Mr. Lichtenstein, who goes by the nickname of “Dutch,” has both American and Russian citizenship and describes himself as a technopreneur. On her LinkedIn page, Ms. Morgan writes about herself as “a serial entrepreneur” and an “irreverent comedic rapper.” The complaint, which also accuses a couple of conspiracy of defrauding the United States, suggests that Ms. Morgan goes by the alias, Razzlekhan.
About 25,000 of Bitfinex’s stolen bitcoin was moved out of Mr. Lichtenstein’s wallet using a complex series of transactions meant to cover the trace.
How the case was solved via blockchain tracing
The movement of the stolen bitcoin on the blockchain was traced when the fixed electronic ledger has been traced.

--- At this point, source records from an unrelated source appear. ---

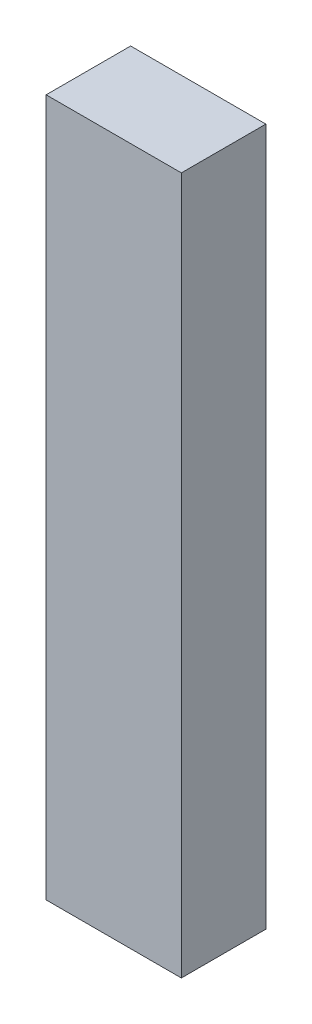
ISO-10303-21;
HEADER;
FILE_DESCRIPTION(('STEP AP214'),'2;1');
FILE_NAME('part.step','',(''),(''),'','','');
FILE_SCHEMA(('AUTOMOTIVE_DESIGN { 1 0 10303 214 1 1 1 1 }'));
ENDSEC;
DATA;
#1=APPLICATION_CONTEXT('core data for automotive mechanical design processes');
#2=APPLICATION_PROTOCOL_DEFINITION('international standard','automotive_design',2000,#1);
#3=PRODUCT_CONTEXT('',#1,'mechanical');
#4=PRODUCT('Part','Part','',(#3));
#5=PRODUCT_RELATED_PRODUCT_CATEGORY('part','',(#4));
#6=PRODUCT_DEFINITION_FORMATION('','',#4);
#7=PRODUCT_DEFINITION_CONTEXT('part definition',#1,'design');
#8=PRODUCT_DEFINITION('design','',#6,#7);
#9=PRODUCT_DEFINITION_SHAPE('','',#8);
#10=(LENGTH_UNIT() NAMED_UNIT(*) SI_UNIT(.MILLI.,.METRE.));
#11=(NAMED_UNIT(*) PLANE_ANGLE_UNIT() SI_UNIT($,.RADIAN.));
#12=(NAMED_UNIT(*) SI_UNIT($,.STERADIAN.) SOLID_ANGLE_UNIT());
#13=UNCERTAINTY_MEASURE_WITH_UNIT(LENGTH_MEASURE(1.E-05),#10,'distance_accuracy_value','');
#14=(GEOMETRIC_REPRESENTATION_CONTEXT(3) GLOBAL_UNCERTAINTY_ASSIGNED_CONTEXT((#13)) GLOBAL_UNIT_ASSIGNED_CONTEXT((#10,
#11,#12)) REPRESENTATION_CONTEXT('',''));
#15=CARTESIAN_POINT('',(0.,0.,0.));
#16=DIRECTION('',(0.,0.,1.));
#17=DIRECTION('',(1.,0.,0.));
#18=AXIS2_PLACEMENT_3D('',#15,#16,#17);
#19=CARTESIAN_POINT('',(160.,825.,200.));
#20=DIRECTION('',(-1.,0.,0.));
#21=DIRECTION('',(0.,-1.,0.));
#22=AXIS2_PLACEMENT_3D('',#19,#20,#21);
#23=PLANE('',#22);
#24=DIRECTION('',(0.,1.,0.));
#25=VECTOR('',#24,1.);
#26=CARTESIAN_POINT('',(160.,825.,0.));
#27=LINE('',#26,#25);
#28=CARTESIAN_POINT('',(160.,-825.,0.));
#29=VERTEX_POINT('',#28);
#30=CARTESIAN_POINT('',(160.,825.,0.));
#31=VERTEX_POINT('',#30);
#32=EDGE_CURVE('E102',#29,#31,#27,.T.);
#33=ORIENTED_EDGE('',*,*,#32,.T.);
#34=DIRECTION('',(0.,0.,-1.));
#35=VECTOR('',#34,1.);
#36=CARTESIAN_POINT('',(160.,825.,200.));
#37=LINE('',#36,#35);
#38=CARTESIAN_POINT('',(160.,825.,200.));
#39=VERTEX_POINT('',#38);
#40=EDGE_CURVE('E11',#39,#31,#37,.T.);
#41=ORIENTED_EDGE('',*,*,#40,.F.);
#42=DIRECTION('',(0.,1.,0.));
#43=VECTOR('',#42,1.);
#44=CARTESIAN_POINT('',(160.,825.,200.));
#45=LINE('',#44,#43);
#46=CARTESIAN_POINT('',(160.,-825.,200.));
#47=VERTEX_POINT('',#46);
#48=EDGE_CURVE('E90',#47,#39,#45,.T.);
#49=ORIENTED_EDGE('',*,*,#48,.F.);
#50=DIRECTION('',(0.,0.,-1.));
#51=VECTOR('',#50,1.);
#52=CARTESIAN_POINT('',(160.,-825.,200.));
#53=LINE('',#52,#51);
#54=EDGE_CURVE('E98',#47,#29,#53,.T.);
#55=ORIENTED_EDGE('',*,*,#54,.T.);
#56=EDGE_LOOP('',(#33,#41,#49,#55));
#57=FACE_BOUND('',#56,.T.);
#58=ADVANCED_FACE('F39',(#57),#23,.F.);
#59=CARTESIAN_POINT('',(-160.,825.,200.));
#60=DIRECTION('',(0.,-1.,0.));
#61=DIRECTION('',(0.,0.,-1.));
#62=AXIS2_PLACEMENT_3D('',#59,#60,#61);
#63=PLANE('',#62);
#64=DIRECTION('',(-1.,0.,0.));
#65=VECTOR('',#64,1.);
#66=CARTESIAN_POINT('',(-160.,825.,0.));
#67=LINE('',#66,#65);
#68=CARTESIAN_POINT('',(-160.,825.,0.));
#69=VERTEX_POINT('',#68);
#70=EDGE_CURVE('E94',#31,#69,#67,.T.);
#71=ORIENTED_EDGE('',*,*,#70,.T.);
#72=DIRECTION('',(0.,0.,-1.));
#73=VECTOR('',#72,1.);
#74=CARTESIAN_POINT('',(-160.,825.,200.));
#75=LINE('',#74,#73);
#76=CARTESIAN_POINT('',(-160.,825.,200.));
#77=VERTEX_POINT('',#76);
#78=EDGE_CURVE('E47',#77,#69,#75,.T.);
#79=ORIENTED_EDGE('',*,*,#78,.F.);
#80=DIRECTION('',(-1.,0.,0.));
#81=VECTOR('',#80,1.);
#82=CARTESIAN_POINT('',(-160.,825.,200.));
#83=LINE('',#82,#81);
#84=EDGE_CURVE('E85',#39,#77,#83,.T.);
#85=ORIENTED_EDGE('',*,*,#84,.F.);
#86=ORIENTED_EDGE('',*,*,#40,.T.);
#87=EDGE_LOOP('',(#71,#79,#85,#86));
#88=FACE_BOUND('',#87,.T.);
#89=ADVANCED_FACE('F93',(#88),#63,.F.);
#90=CARTESIAN_POINT('',(-160.,825.,200.));
#91=DIRECTION('',(1.,0.,0.));
#92=DIRECTION('',(0.,1.,0.));
#93=AXIS2_PLACEMENT_3D('',#90,#91,#92);
#94=PLANE('',#93);
#95=DIRECTION('',(0.,-1.,0.));
#96=VECTOR('',#95,1.);
#97=CARTESIAN_POINT('',(-160.,825.,0.));
#98=LINE('',#97,#96);
#99=CARTESIAN_POINT('',(-160.,-825.,0.));
#100=VERTEX_POINT('',#99);
#101=EDGE_CURVE('E72',#69,#100,#98,.T.);
#102=ORIENTED_EDGE('',*,*,#101,.T.);
#103=DIRECTION('',(0.,0.,-1.));
#104=VECTOR('',#103,1.);
#105=CARTESIAN_POINT('',(-160.,-825.,200.));
#106=LINE('',#105,#104);
#107=CARTESIAN_POINT('',(-160.,-825.,200.));
#108=VERTEX_POINT('',#107);
#109=EDGE_CURVE('E95',#108,#100,#106,.T.);
#110=ORIENTED_EDGE('',*,*,#109,.F.);
#111=DIRECTION('',(0.,-1.,0.));
#112=VECTOR('',#111,1.);
#113=CARTESIAN_POINT('',(-160.,825.,200.));
#114=LINE('',#113,#112);
#115=EDGE_CURVE('E88',#77,#108,#114,.T.);
#116=ORIENTED_EDGE('',*,*,#115,.F.);
#117=ORIENTED_EDGE('',*,*,#78,.T.);
#118=EDGE_LOOP('',(#102,#110,#116,#117));
#119=FACE_BOUND('',#118,.T.);
#120=ADVANCED_FACE('F96',(#119),#94,.F.);
#121=CARTESIAN_POINT('',(-160.,-825.,200.));
#122=DIRECTION('',(0.,1.,0.));
#123=DIRECTION('',(0.,0.,1.));
#124=AXIS2_PLACEMENT_3D('',#121,#122,#123);
#125=PLANE('',#124);
#126=DIRECTION('',(1.,0.,0.));
#127=VECTOR('',#126,1.);
#128=CARTESIAN_POINT('',(-160.,-825.,0.));
#129=LINE('',#128,#127);
#130=EDGE_CURVE('E78',#100,#29,#129,.T.);
#131=ORIENTED_EDGE('',*,*,#130,.T.);
#132=ORIENTED_EDGE('',*,*,#54,.F.);
#133=DIRECTION('',(1.,0.,0.));
#134=VECTOR('',#133,1.);
#135=CARTESIAN_POINT('',(-160.,-825.,200.));
#136=LINE('',#135,#134);
#137=EDGE_CURVE('E55',#108,#47,#136,.T.);
#138=ORIENTED_EDGE('',*,*,#137,.F.);
#139=ORIENTED_EDGE('',*,*,#109,.T.);
#140=EDGE_LOOP('',(#131,#132,#138,#139));
#141=FACE_BOUND('',#140,.T.);
#142=ADVANCED_FACE('F109',(#141),#125,.F.);
#143=CARTESIAN_POINT('',(0.,0.,200.));
#144=DIRECTION('',(0.,0.,1.));
#145=DIRECTION('',(1.,0.,0.));
#146=AXIS2_PLACEMENT_3D('',#143,#144,#145);
#147=PLANE('',#146);
#148=ORIENTED_EDGE('',*,*,#48,.T.);
#149=ORIENTED_EDGE('',*,*,#84,.T.);
#150=ORIENTED_EDGE('',*,*,#115,.T.);
#151=ORIENTED_EDGE('',*,*,#137,.T.);
#152=EDGE_LOOP('',(#148,#149,#150,#151));
#153=FACE_BOUND('',#152,.T.);
#154=ADVANCED_FACE('F86',(#153),#147,.T.);
#155=CARTESIAN_POINT('',(0.,0.,0.));
#156=DIRECTION('',(0.,0.,1.));
#157=DIRECTION('',(1.,0.,0.));
#158=AXIS2_PLACEMENT_3D('',#155,#156,#157);
#159=PLANE('',#158);
#160=ORIENTED_EDGE('',*,*,#32,.F.);
#161=ORIENTED_EDGE('',*,*,#130,.F.);
#162=ORIENTED_EDGE('',*,*,#101,.F.);
#163=ORIENTED_EDGE('',*,*,#70,.F.);
#164=EDGE_LOOP('',(#160,#161,#162,#163));
#165=FACE_BOUND('',#164,.T.);
#166=ADVANCED_FACE('F112',(#165),#159,.F.);
#167=CLOSED_SHELL('',(#58,#89,#120,#142,#154,#166));
#168=MANIFOLD_SOLID_BREP('B2',#167);
#169=ADVANCED_BREP_SHAPE_REPRESENTATION('',(#18,#168),#14);
#170=SHAPE_DEFINITION_REPRESENTATION(#9,#169);
ENDSEC;
END-ISO-10303-21;

This permanent electronic ledger documents bitcoin transfers to any digital wallet, thanks to investigators who noticed the activity. According to the prosecution, they used the stolen money to buy gold, nonfungible tokens, and a Walmart gift card.
As noted by Crystal’s Head of Investigations, Scott Pounder: “It’s important to remember that the result of this seizure was a culmination of various investigative techniques and not solely solved using blockchain analytics. However, using analytical tools such as Crystal makes it easy to investigate transactions and visualize the movement of assets.”
Legal documents presented by investigators mention that they opted to show straightforward visualizations and show the funds flow. Still, they stated the exact visualization charts would be extensive and complicated to understand.
Crystal can provide a fully automated investigation process by its Tracking tool. The Tracking tool enables determining the present location of bitcoins from a selected transaction or set of transactions. Tracking can reveal whether the bitcoins from the original transaction have reached a known entity, such as an Exchange or a Payment Processor, which in turn could permit the identification of a bitcoin owner (usually via an additional legal process). In any case, the analysis results are easily exported and presented in a convenient and auditable form.
“Ultimately investigators were able to obtain a document from the cloud storage which gave them everything they needed such as private keys etc. They were able to link email addresses to exchanges, KYC, and also personal accounts such as PlayStation and Walmart. It’s too early to say how deep they went but as the trial progresses this should become evident”, Scott added.
The whole case employed three blockchain analytics companies, which suggests the case needed constant attention. Overall it’s a great case example that we at Crystal will continue to watch.